The cinematic experience of watching movies on a giant screen in the dark with a hundred strangers is not dead, it's just an increasingly smaller part of the moving image pie. But the pie itself is getting bigger and bigger all the time. Film lovers and filmmakers have lamented the death of film, as opposed to video, but this technological change has barely registered for the vast majority of the audience.

At the same time, the switch to digital video formats over the last thirty years has led to an explosion of moving image art. Not just shorts and feature narrative films and documentaries, but a universe of new forms and styles that have barely even been recognized, let alone categorized, let alone appreciated by the cultural gatekeepers.

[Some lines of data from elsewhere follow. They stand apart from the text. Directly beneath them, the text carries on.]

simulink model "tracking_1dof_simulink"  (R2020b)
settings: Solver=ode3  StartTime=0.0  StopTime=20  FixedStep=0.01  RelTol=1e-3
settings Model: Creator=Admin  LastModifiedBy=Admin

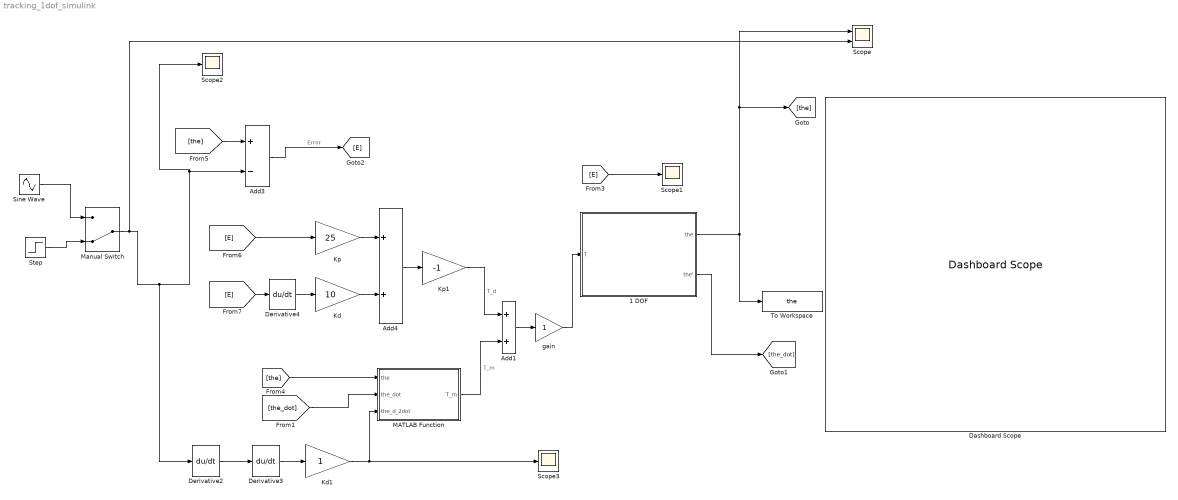
== system tracking_1dof_simulink ==
  1 DOF : Subsystem
  Add1 : Sum
  Add3 : Sum  Inputs=+-
  Add4 : Sum
  Dashboard Scope : DashboardScope
  Derivative2 : Derivative
  Derivative3 : Derivative
  Derivative4 : Derivative
  Kd : Gain  Gain=10
  Kd1 : Gain
  Kp : Gain  Gain=25
  Kp1 : Gain  Gain=-1
  MATLAB Function : MATLAB Function  TreatAsAtomicUnit=on
  Manual Switch : ManualSwitch  CurrentSetting=0
  Scope : Scope  NumInputPorts=2
  Scope1 : Scope
  Scope2 : Scope
  Scope3 : Scope
  Sine Wave : Sin  SampleTime=0
  Step : Step  Time=0  SampleTime=0
  To Workspace : ToWorkspace  VariableName=the  SampleTime=-1
  gain : Gain
  wires:
  1 DOF/2(the') -> [the_dot]
  1 DOF/1(the) -> Scope/1, [the], To Workspace/1
  Add1/1 -> gain/1
  gain/1 -> 1 DOF/1(T)
  Kp1/1 -> Add1/1  "T_d"
  [E] -> Scope1/1
  [the_dot] -> MATLAB Function/2(the_dot)
  [the] -> MATLAB Function/1(the)
  MATLAB Function/1(T_m) -> Add1/2  "T_m"
  [the] -> Add3/1
  Add3/1 -> [E]  "Error"
  [E] -> Kp/1
  [E] -> Derivative4/1
  Derivative4/1 -> Kd/1
  Kd/1 -> Add4/2
  Kp/1 -> Add4/1
  Add4/1 -> Kp1/1
  Derivative2/1 -> Derivative3/1
  Derivative3/1 -> Kd1/1
  Manual Switch/1 -> Scope/2, Scope2/1, Add3/2, Derivative2/1
  Step/1 -> Manual Switch/2
  Kd1/1 -> Scope3/1, MATLAB Function/3(the_d_2dot)
  Sine Wave/1 -> Manual Switch/1

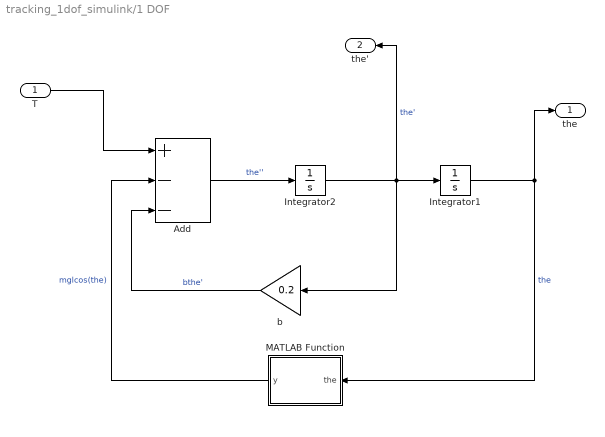
== system tracking_1dof_simulink/1 DOF ==
  T : Inport
  Add : Sum  Inputs=+--
  Integrator1 : Integrator  ZeroCross=off
  Integrator2 : Integrator  ZeroCross=off
  MATLAB Function : MATLAB Function  TreatAsAtomicUnit=on
  b : Gain  Gain=0.2
  the : Outport
  the' : Outport  Port=2
  wires:
  Add/1 -> Integrator2/1  "the''"
  Integrator1/1 -> MATLAB Function/1(the), the/1  "the"
  Integrator2/1 -> the'/1, b/1, Integrator1/1  "the'"
  b/1 -> Add/3  "bthe'"
  MATLAB Function/1(y) -> Add/2  "mglcos(the)"
  T/1 -> Add/1

== matlab function tracking_1dof_simulink/1 DOF/MATLAB Function ==
  data: the input; y output
function y = fcn(the)

y = 9.81*cos(the);

== matlab function tracking_1dof_simulink/MATLAB Function ==
  data: the input; T_m output; the_dot input; the_d_2dot input
function T_m = fcn(the, the_dot, the_d_2dot)


T_m = the_d_2dot + 0.2*the_dot + 9.81*cos(the);

It is, of course, the cultural gatekeepers who are dying—that much is certain.

Is that the real complaint?

I'm getting old, too. I tripped and fell while attending a football game the other day, on concrete, and severely bruised my right hand, making it hard to do a lot of normal activities. I feel myself getting older—a fall like that would have been nothing thirty years ago, and it might be everything in another thirty years. It's palpable. And hard to deny.

Yet, of course, like everyone, I'd love to deny it as long as possible. Naturally, the things I like and that have been important to me in my life are The Important Things That Must Be Preserved. Which is ridiculous; also, it's the usual stance of the old.

Is culture stuck, or are the critics stuck?

I love going to the movies and, sure, I wish the movies were much, much better most of the time. I'm bothered that young people will rarely watch any films from before the 1970s, and only one or two films from even that decade, sure. I think Hollywood executives have made a cascading series of disastrous decisions for a long time, and I'm happy to tell you about them.

But the moving image is in its infancy. The online video that pundits love to dismiss is taking the medium in new directions every day. It's not cinema—it's something new. It's already mass culture. And it's thriving.